Heesen Yacht’s latest project is Cosmos, an 80.7 metre aluminium superyacht, and features some remarkable innovations.
With a designed top speed close to 30 knots and an efficient cruising speed in excess of 20 knots, Cosmos will use a development of the Fast Displacement Hull Form (FDHF) coupled with innovative construction and advanced propulsion solutions to set new standards for large aluminium yachts.
Although the keel-laying ceremony is due to take place later this year in May, this is not the start of the project – indeed, an extraordinary amount of design and testing has already been undertaken and completed.
Design Stages
The proof-of-concept and testing process has comprised several stages, starting with the base naval architecture of the vessel and its hull form, progressing through extensive computational fluid dynamics (CFD) work and physical tank testing of a scale model, and culminating with the design of the propellers and rudder system. For these aspects, Heesen has drawn not only on the expertise of its in-house design and engineering department but also that of partners Van Oossanen Naval Architects, and propulsion specialists at Rolls-Royce (RR).
FDHF Concept with Backbone
The first stage was to develop the FDHF concept and ensure not only that Cosmos benefitted from the efficiency and speed gains of the design, but also that the yacht could retain inherent stiffness – a challenge because Cosmos features all-aluminium construction in order to achieve the client’s desired maximum speed of close to 30 knots.
The solution was for Heesen to develop the Backbone – a method of construction that could deliver the required stiffness in the yacht without adding weight that would have impacted on the yacht’s performance. Such has been the success of the design that the Backbone has now been patented.
Physical Tank Tests
A 3.7 m scale segmented model of the yacht was built to use in physical tank tests at the Wolfson Unit in Southampton. After initial data on hydrodynamics, resistance and speed had been gathered, the model has been radio-controlled and self-propelled in order to measure the various bending forces acting within the hull and to prove the Backbone concept. That provided valuable data for fine-tuning the structural design and to further optimise the construction method.

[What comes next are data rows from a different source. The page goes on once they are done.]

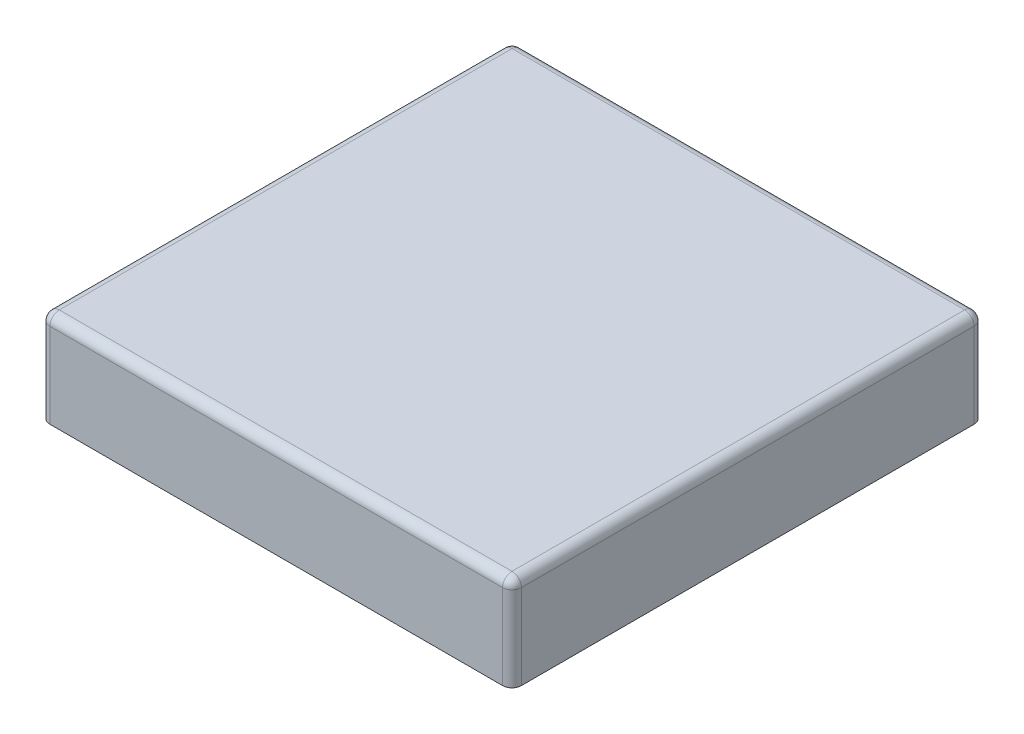
ISO-10303-21;
HEADER;
FILE_DESCRIPTION(('STEP AP214'),'2;1');
FILE_NAME('part.step','',(''),(''),'','','');
FILE_SCHEMA(('AUTOMOTIVE_DESIGN { 1 0 10303 214 1 1 1 1 }'));
ENDSEC;
DATA;
#1=APPLICATION_CONTEXT('core data for automotive mechanical design processes');
#2=APPLICATION_PROTOCOL_DEFINITION('international standard','automotive_design',2000,#1);
#3=PRODUCT_CONTEXT('',#1,'mechanical');
#4=PRODUCT('Part','Part','',(#3));
#5=PRODUCT_RELATED_PRODUCT_CATEGORY('part','',(#4));
#6=PRODUCT_DEFINITION_FORMATION('','',#4);
#7=PRODUCT_DEFINITION_CONTEXT('part definition',#1,'design');
#8=PRODUCT_DEFINITION('design','',#6,#7);
#9=PRODUCT_DEFINITION_SHAPE('','',#8);
#10=(LENGTH_UNIT() NAMED_UNIT(*) SI_UNIT(.MILLI.,.METRE.));
#11=(NAMED_UNIT(*) PLANE_ANGLE_UNIT() SI_UNIT($,.RADIAN.));
#12=(NAMED_UNIT(*) SI_UNIT($,.STERADIAN.) SOLID_ANGLE_UNIT());
#13=UNCERTAINTY_MEASURE_WITH_UNIT(LENGTH_MEASURE(1.E-05),#10,'distance_accuracy_value','');
#14=(GEOMETRIC_REPRESENTATION_CONTEXT(3) GLOBAL_UNCERTAINTY_ASSIGNED_CONTEXT((#13)) GLOBAL_UNIT_ASSIGNED_CONTEXT((#10,
#11,#12)) REPRESENTATION_CONTEXT('',''));
#15=CARTESIAN_POINT('',(0.,0.,0.));
#16=DIRECTION('',(0.,0.,1.));
#17=DIRECTION('',(1.,0.,0.));
#18=AXIS2_PLACEMENT_3D('',#15,#16,#17);
#19=CARTESIAN_POINT('',(0.,1.,0.));
#20=DIRECTION('',(1.,0.,0.));
#21=DIRECTION('',(0.,0.,-1.));
#22=AXIS2_PLACEMENT_3D('',#19,#20,#21);
#23=PLANE('',#22);
#24=DIRECTION('',(0.,0.,1.));
#25=VECTOR('',#24,1.);
#26=CARTESIAN_POINT('',(0.,0.9,0.));
#27=LINE('',#26,#25);
#28=CARTESIAN_POINT('',(0.,0.9,-0.1));
#29=VERTEX_POINT('',#28);
#30=CARTESIAN_POINT('',(0.,0.9,-4.9));
#31=VERTEX_POINT('',#30);
#32=EDGE_CURVE('E217',#29,#31,#27,.F.);
#33=ORIENTED_EDGE('',*,*,#32,.T.);
#34=DIRECTION('',(0.,-1.,0.));
#35=VECTOR('',#34,1.);
#36=CARTESIAN_POINT('',(0.,1.,-4.9));
#37=LINE('',#36,#35);
#38=CARTESIAN_POINT('',(0.,0.,-4.9));
#39=VERTEX_POINT('',#38);
#40=EDGE_CURVE('E11',#31,#39,#37,.T.);
#41=ORIENTED_EDGE('',*,*,#40,.T.);
#42=DIRECTION('',(0.,0.,1.));
#43=VECTOR('',#42,1.);
#44=CARTESIAN_POINT('',(0.,0.,0.));
#45=LINE('',#44,#43);
#46=CARTESIAN_POINT('',(0.,0.,-0.1));
#47=VERTEX_POINT('',#46);
#48=EDGE_CURVE('E183',#39,#47,#45,.T.);
#49=ORIENTED_EDGE('',*,*,#48,.T.);
#50=DIRECTION('',(0.,-1.,0.));
#51=VECTOR('',#50,1.);
#52=CARTESIAN_POINT('',(0.,1.,-0.1));
#53=LINE('',#52,#51);
#54=EDGE_CURVE('E43',#47,#29,#53,.F.);
#55=ORIENTED_EDGE('',*,*,#54,.T.);
#56=EDGE_LOOP('',(#33,#41,#49,#55));
#57=FACE_BOUND('',#56,.T.);
#58=ADVANCED_FACE('F34',(#57),#23,.F.);
#59=CARTESIAN_POINT('',(0.,1.,0.));
#60=DIRECTION('',(0.,0.,-1.));
#61=DIRECTION('',(-1.,0.,0.));
#62=AXIS2_PLACEMENT_3D('',#59,#60,#61);
#63=PLANE('',#62);
#64=DIRECTION('',(1.,0.,0.));
#65=VECTOR('',#64,1.);
#66=CARTESIAN_POINT('',(0.,0.,0.));
#67=LINE('',#66,#65);
#68=CARTESIAN_POINT('',(0.1,0.,0.));
#69=VERTEX_POINT('',#68);
#70=CARTESIAN_POINT('',(4.9,0.,0.));
#71=VERTEX_POINT('',#70);
#72=EDGE_CURVE('E202',#69,#71,#67,.T.);
#73=ORIENTED_EDGE('',*,*,#72,.T.);
#74=DIRECTION('',(0.,-1.,0.));
#75=VECTOR('',#74,1.);
#76=CARTESIAN_POINT('',(4.9,1.,0.));
#77=LINE('',#76,#75);
#78=CARTESIAN_POINT('',(4.9,0.9,0.));
#79=VERTEX_POINT('',#78);
#80=EDGE_CURVE('E173',#71,#79,#77,.F.);
#81=ORIENTED_EDGE('',*,*,#80,.T.);
#82=DIRECTION('',(1.,0.,0.));
#83=VECTOR('',#82,1.);
#84=CARTESIAN_POINT('',(0.,0.9,0.));
#85=LINE('',#84,#83);
#86=CARTESIAN_POINT('',(0.1,0.9,0.));
#87=VERTEX_POINT('',#86);
#88=EDGE_CURVE('E219',#79,#87,#85,.F.);
#89=ORIENTED_EDGE('',*,*,#88,.T.);
#90=DIRECTION('',(0.,-1.,0.));
#91=VECTOR('',#90,1.);
#92=CARTESIAN_POINT('',(0.1,1.,0.));
#93=LINE('',#92,#91);
#94=EDGE_CURVE('E58',#87,#69,#93,.T.);
#95=ORIENTED_EDGE('',*,*,#94,.T.);
#96=EDGE_LOOP('',(#73,#81,#89,#95));
#97=FACE_BOUND('',#96,.T.);
#98=ADVANCED_FACE('F240',(#97),#63,.F.);
#99=CARTESIAN_POINT('',(5.,1.,0.));
#100=DIRECTION('',(-1.,0.,0.));
#101=DIRECTION('',(0.,0.,1.));
#102=AXIS2_PLACEMENT_3D('',#99,#100,#101);
#103=PLANE('',#102);
#104=DIRECTION('',(0.,0.,-1.));
#105=VECTOR('',#104,1.);
#106=CARTESIAN_POINT('',(5.,0.9,0.));
#107=LINE('',#106,#105);
#108=CARTESIAN_POINT('',(5.,0.9,-4.9));
#109=VERTEX_POINT('',#108);
#110=CARTESIAN_POINT('',(5.,0.9,-0.1));
#111=VERTEX_POINT('',#110);
#112=EDGE_CURVE('E120',#109,#111,#107,.F.);
#113=ORIENTED_EDGE('',*,*,#112,.T.);
#114=DIRECTION('',(0.,-1.,0.));
#115=VECTOR('',#114,1.);
#116=CARTESIAN_POINT('',(5.,1.,-0.1));
#117=LINE('',#116,#115);
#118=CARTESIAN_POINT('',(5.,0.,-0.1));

Watch a video of the tank tests.
Knowing the Real Forces
For such a large aluminium yacht, it is particularly important to know the real forces created by the sea on the hull, not just to meet Lloyd’s Register requirements, but to exceed those and construct the boat to the highest loads that could be encountered.
Deeper Keel Depth and Higher Efficiency
Using the FDHF design and the Backbone for such a large aluminium yacht requires a slightly deeper keel depth, but this actually brings further benefits. Due to the slightly increased draft, Project Cosmos has a very low block coefficient, which means that the underwater body is very slim with nice verticals in the aft ship area, for an optimal flow of water towards the propellers. This results not only in improved performance, but also in higher efficiency, ensuring fast cruising with comparatively low fuel consumption.
Propeller Design
Refining the propeller design is the ongoing job of research and design engineers at RR. Alongside the propeller design itself, the Promas system – where propeller and rudder are integrated into a single unit to optimise hydrodynamic efficiency – has been implemented in the design.
RR engineers started by gathering CFD information of the water flow towards the propeller. Then the design process began with RR proprietary software: different iterations of propeller and rudder design were tried before arriving at the optimal solution, which was then tested in physical experiments.
Watch a video of the propeller test.
Preventing Cavitation
By creating a 1:11 scale model of the Promas rudder and propeller in the test tank facilities of the RR Hydrodynamic Research Centre (HRC) in Kristinehamn, Sweden, the propeller design was fine-tuned not only to ensure the speed and efficiency requirements were met, but also that any potential problems with cavitation could be eliminated.
Cavitation is essentially where air bubbles form in the flow of water around and behind the propeller. It is particularly challenging at high speed. In addition to affecting performance, it can also have severe impacts on noise and vibration – a critical consideration for any superyacht project, especially for one close to 30 knots. Cavitation issues were identified and eliminated by adjusting the rudder design. Finally, the tests proved that the propeller performed above expectations.
Variable Pitch Propellers
Project Cosmos will feature variable pitch propellers that will enable the yacht to handle both impressive cruising speeds in excess of 20 knots, as well as reaching a maximum speed close to 30 knots – a considerable achievement for an 80-metre superyacht.
Currently, the hull design has been optimised, the construction engineering has been finalised and the propulsion system is going through the last stages of testing.